REQUIRED ACTION:
Find the lines below that include the word "CIRCLE" and report how many there are, with no other text.

Source records:

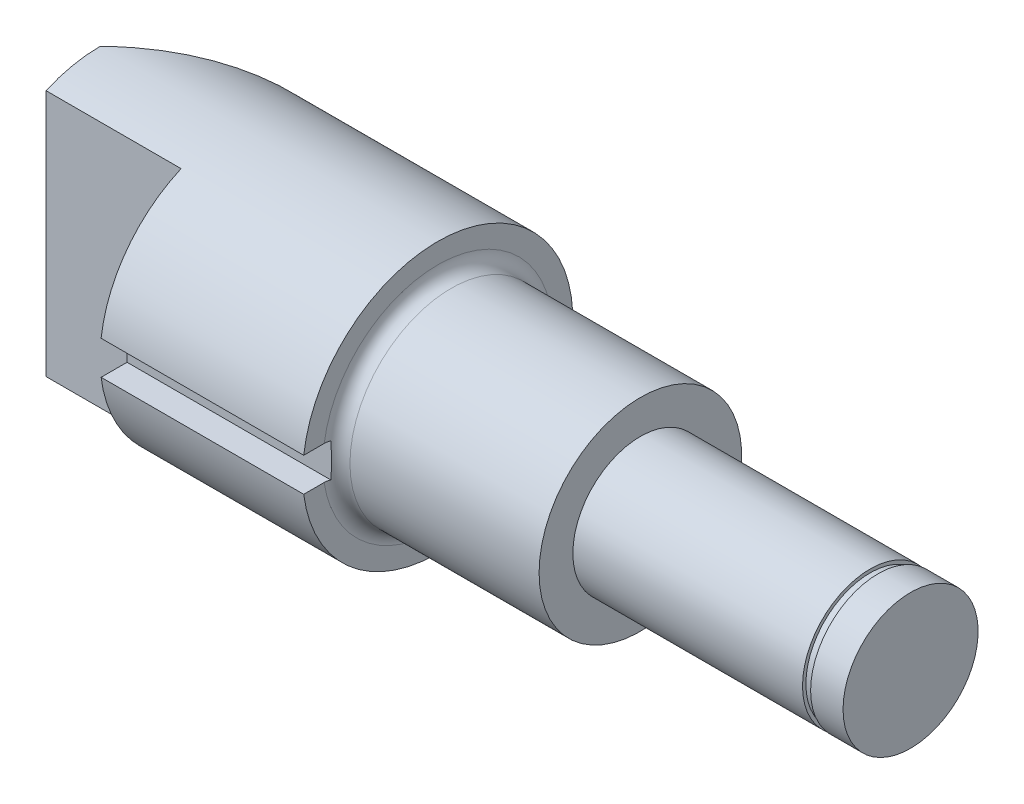
ISO-10303-21;
HEADER;
FILE_DESCRIPTION(('STEP AP214'),'2;1');
FILE_NAME('part.step','',(''),(''),'','','');
FILE_SCHEMA(('AUTOMOTIVE_DESIGN { 1 0 10303 214 1 1 1 1 }'));
ENDSEC;
DATA;
#1=APPLICATION_CONTEXT('core data for automotive mechanical design processes');
#2=APPLICATION_PROTOCOL_DEFINITION('international standard','automotive_design',2000,#1);
#3=PRODUCT_CONTEXT('',#1,'mechanical');
#4=PRODUCT('Part','Part','',(#3));
#5=PRODUCT_RELATED_PRODUCT_CATEGORY('part','',(#4));
#6=PRODUCT_DEFINITION_FORMATION('','',#4);
#7=PRODUCT_DEFINITION_CONTEXT('part definition',#1,'design');
#8=PRODUCT_DEFINITION('design','',#6,#7);
#9=PRODUCT_DEFINITION_SHAPE('','',#8);
#10=(LENGTH_UNIT() NAMED_UNIT(*) SI_UNIT(.MILLI.,.METRE.));
#11=(NAMED_UNIT(*) PLANE_ANGLE_UNIT() SI_UNIT($,.RADIAN.));
#12=(NAMED_UNIT(*) SI_UNIT($,.STERADIAN.) SOLID_ANGLE_UNIT());
#13=UNCERTAINTY_MEASURE_WITH_UNIT(LENGTH_MEASURE(1.E-05),#10,'distance_accuracy_value','');
#14=(GEOMETRIC_REPRESENTATION_CONTEXT(3) GLOBAL_UNCERTAINTY_ASSIGNED_CONTEXT((#13)) GLOBAL_UNIT_ASSIGNED_CONTEXT((#10,
#11,#12)) REPRESENTATION_CONTEXT('',''));
#15=CARTESIAN_POINT('',(0.,0.,0.));
#16=DIRECTION('',(0.,0.,1.));
#17=DIRECTION('',(1.,0.,0.));
#18=AXIS2_PLACEMENT_3D('',#15,#16,#17);
#19=CARTESIAN_POINT('',(120.,-84.8218275635599,0.));
#20=DIRECTION('',(1.,0.,0.));
#21=DIRECTION('',(0.,0.,-1.));
#22=AXIS2_PLACEMENT_3D('',#19,#20,#21);
#23=PLANE('',#22);
#24=CARTESIAN_POINT('',(120.,0.,0.));
#25=DIRECTION('',(-1.,0.,0.));
#26=DIRECTION('',(0.,0.,1.));
#27=AXIS2_PLACEMENT_3D('',#24,#25,#26);
#28=CIRCLE('',#27,9.99999999999999);
#29=CARTESIAN_POINT('',(120.,0.,9.99999999999999));
#30=VERTEX_POINT('',#29);
#31=EDGE_CURVE('E137',#30,#30,#28,.T.);
#32=ORIENTED_EDGE('',*,*,#31,.F.);
#33=EDGE_LOOP('',(#32));
#34=FACE_BOUND('',#33,.T.);
#35=ADVANCED_FACE('F32',(#34),#23,.T.);
#36=CARTESIAN_POINT('',(-17.2602276019036,0.,0.));
#37=DIRECTION('',(-1.,0.,0.));
#38=DIRECTION('',(0.,0.,1.));
#39=AXIS2_PLACEMENT_3D('',#36,#37,#38);
#40=CYLINDRICAL_SURFACE('',#39,9.99999999999999);
#41=ORIENTED_EDGE('',*,*,#31,.T.);
#42=EDGE_LOOP('',(#41));
#43=FACE_BOUND('',#42,.T.);
#44=CARTESIAN_POINT('',(115.2,0.,0.));
#45=DIRECTION('',(-1.,0.,0.));
#46=DIRECTION('',(0.,0.,1.));
#47=AXIS2_PLACEMENT_3D('',#44,#45,#46);
#48=CIRCLE('',#47,9.99999999999999);
#49=CARTESIAN_POINT('',(115.2,0.,9.99999999999999));
#50=VERTEX_POINT('',#49);
#51=EDGE_CURVE('E134',#50,#50,#48,.T.);
#52=ORIENTED_EDGE('',*,*,#51,.F.);
#53=EDGE_LOOP('',(#52));
#54=FACE_BOUND('',#53,.T.);
#55=ADVANCED_FACE('F218',(#43,#54),#40,.T.);
#56=CARTESIAN_POINT('',(115.2,-84.8218275635599,0.));
#57=DIRECTION('',(-1.,0.,0.));
#58=DIRECTION('',(0.,0.,1.));
#59=AXIS2_PLACEMENT_3D('',#56,#57,#58);
#60=PLANE('',#59);
#61=ORIENTED_EDGE('',*,*,#51,.T.);
#62=EDGE_LOOP('',(#61));
#63=FACE_BOUND('',#62,.T.);
#64=CARTESIAN_POINT('',(115.2,0.,0.));
#65=DIRECTION('',(-1.,0.,0.));
#66=DIRECTION('',(0.,0.,1.));
#67=AXIS2_PLACEMENT_3D('',#64,#65,#66);
#68=CIRCLE('',#67,9.49999999999999);
#69=CARTESIAN_POINT('',(115.2,0.,9.49999999999999));
#70=VERTEX_POINT('',#69);
#71=EDGE_CURVE('E131',#70,#70,#68,.T.);
#72=ORIENTED_EDGE('',*,*,#71,.F.);
#73=EDGE_LOOP('',(#72));
#74=FACE_BOUND('',#73,.T.);
#75=ADVANCED_FACE('F214',(#63,#74),#60,.T.);
#76=CARTESIAN_POINT('',(-17.2602276019036,0.,0.));
#77=DIRECTION('',(-1.,0.,0.));
#78=DIRECTION('',(0.,0.,1.));
#79=AXIS2_PLACEMENT_3D('',#76,#77,#78);
#80=CYLINDRICAL_SURFACE('',#79,9.49999999999999);
#81=ORIENTED_EDGE('',*,*,#71,.T.);
#82=EDGE_LOOP('',(#81));
#83=FACE_BOUND('',#82,.T.);
#84=CARTESIAN_POINT('',(114.,0.,0.));
#85=DIRECTION('',(-1.,0.,0.));
#86=DIRECTION('',(0.,0.,1.));
#87=AXIS2_PLACEMENT_3D('',#84,#85,#86);
#88=CIRCLE('',#87,9.49999999999999);
#89=CARTESIAN_POINT('',(114.,0.,9.49999999999999));
#90=VERTEX_POINT('',#89);
#91=EDGE_CURVE('E128',#90,#90,#88,.T.);
#92=ORIENTED_EDGE('',*,*,#91,.F.);
#93=EDGE_LOOP('',(#92));
#94=FACE_BOUND('',#93,.T.);
#95=ADVANCED_FACE('F210',(#83,#94),#80,.T.);
#96=CARTESIAN_POINT('',(114.,-84.8218275635599,0.));
#97=DIRECTION('',(1.,0.,0.));
#98=DIRECTION('',(0.,0.,-1.));
#99=AXIS2_PLACEMENT_3D('',#96,#97,#98);
#100=PLANE('',#99);
#101=ORIENTED_EDGE('',*,*,#91,.T.);
#102=EDGE_LOOP('',(#101));
#103=FACE_BOUND('',#102,.T.);
#104=CARTESIAN_POINT('',(114.,0.,0.));
#105=DIRECTION('',(-1.,0.,0.));
#106=DIRECTION('',(0.,0.,1.));
#107=AXIS2_PLACEMENT_3D('',#104,#105,#106);
#108=CIRCLE('',#107,9.99999999999999);
#109=CARTESIAN_POINT('',(114.,0.,9.99999999999999));
#110=VERTEX_POINT('',#109);
#111=EDGE_CURVE('E125',#110,#110,#108,.T.);
#112=ORIENTED_EDGE('',*,*,#111,.F.);
#113=EDGE_LOOP('',(#112));
#114=FACE_BOUND('',#113,.T.);
#115=ADVANCED_FACE('F206',(#103,#114),#100,.T.);
#116=CARTESIAN_POINT('',(-17.2602276019036,0.,0.));
#117=DIRECTION('',(-1.,0.,0.));
#118=DIRECTION('',(0.,0.,1.));
#119=AXIS2_PLACEMENT_3D('',#116,#117,#118);
#120=CYLINDRICAL_SURFACE('',#119,9.99999999999999);
#121=ORIENTED_EDGE('',*,*,#111,.T.);
#122=EDGE_LOOP('',(#121));
#123=FACE_BOUND('',#122,.T.);
#124=CARTESIAN_POINT('',(80.,0.,0.));
#125=DIRECTION('',(-1.,0.,0.));
#126=DIRECTION('',(0.,0.,1.));
#127=AXIS2_PLACEMENT_3D('',#124,#125,#126);
#128=CIRCLE('',#127,9.99999999999999);
#129=CARTESIAN_POINT('',(80.,0.,9.99999999999999));
#130=VERTEX_POINT('',#129);
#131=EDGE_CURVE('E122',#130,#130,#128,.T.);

EXERCISE RESULT:
6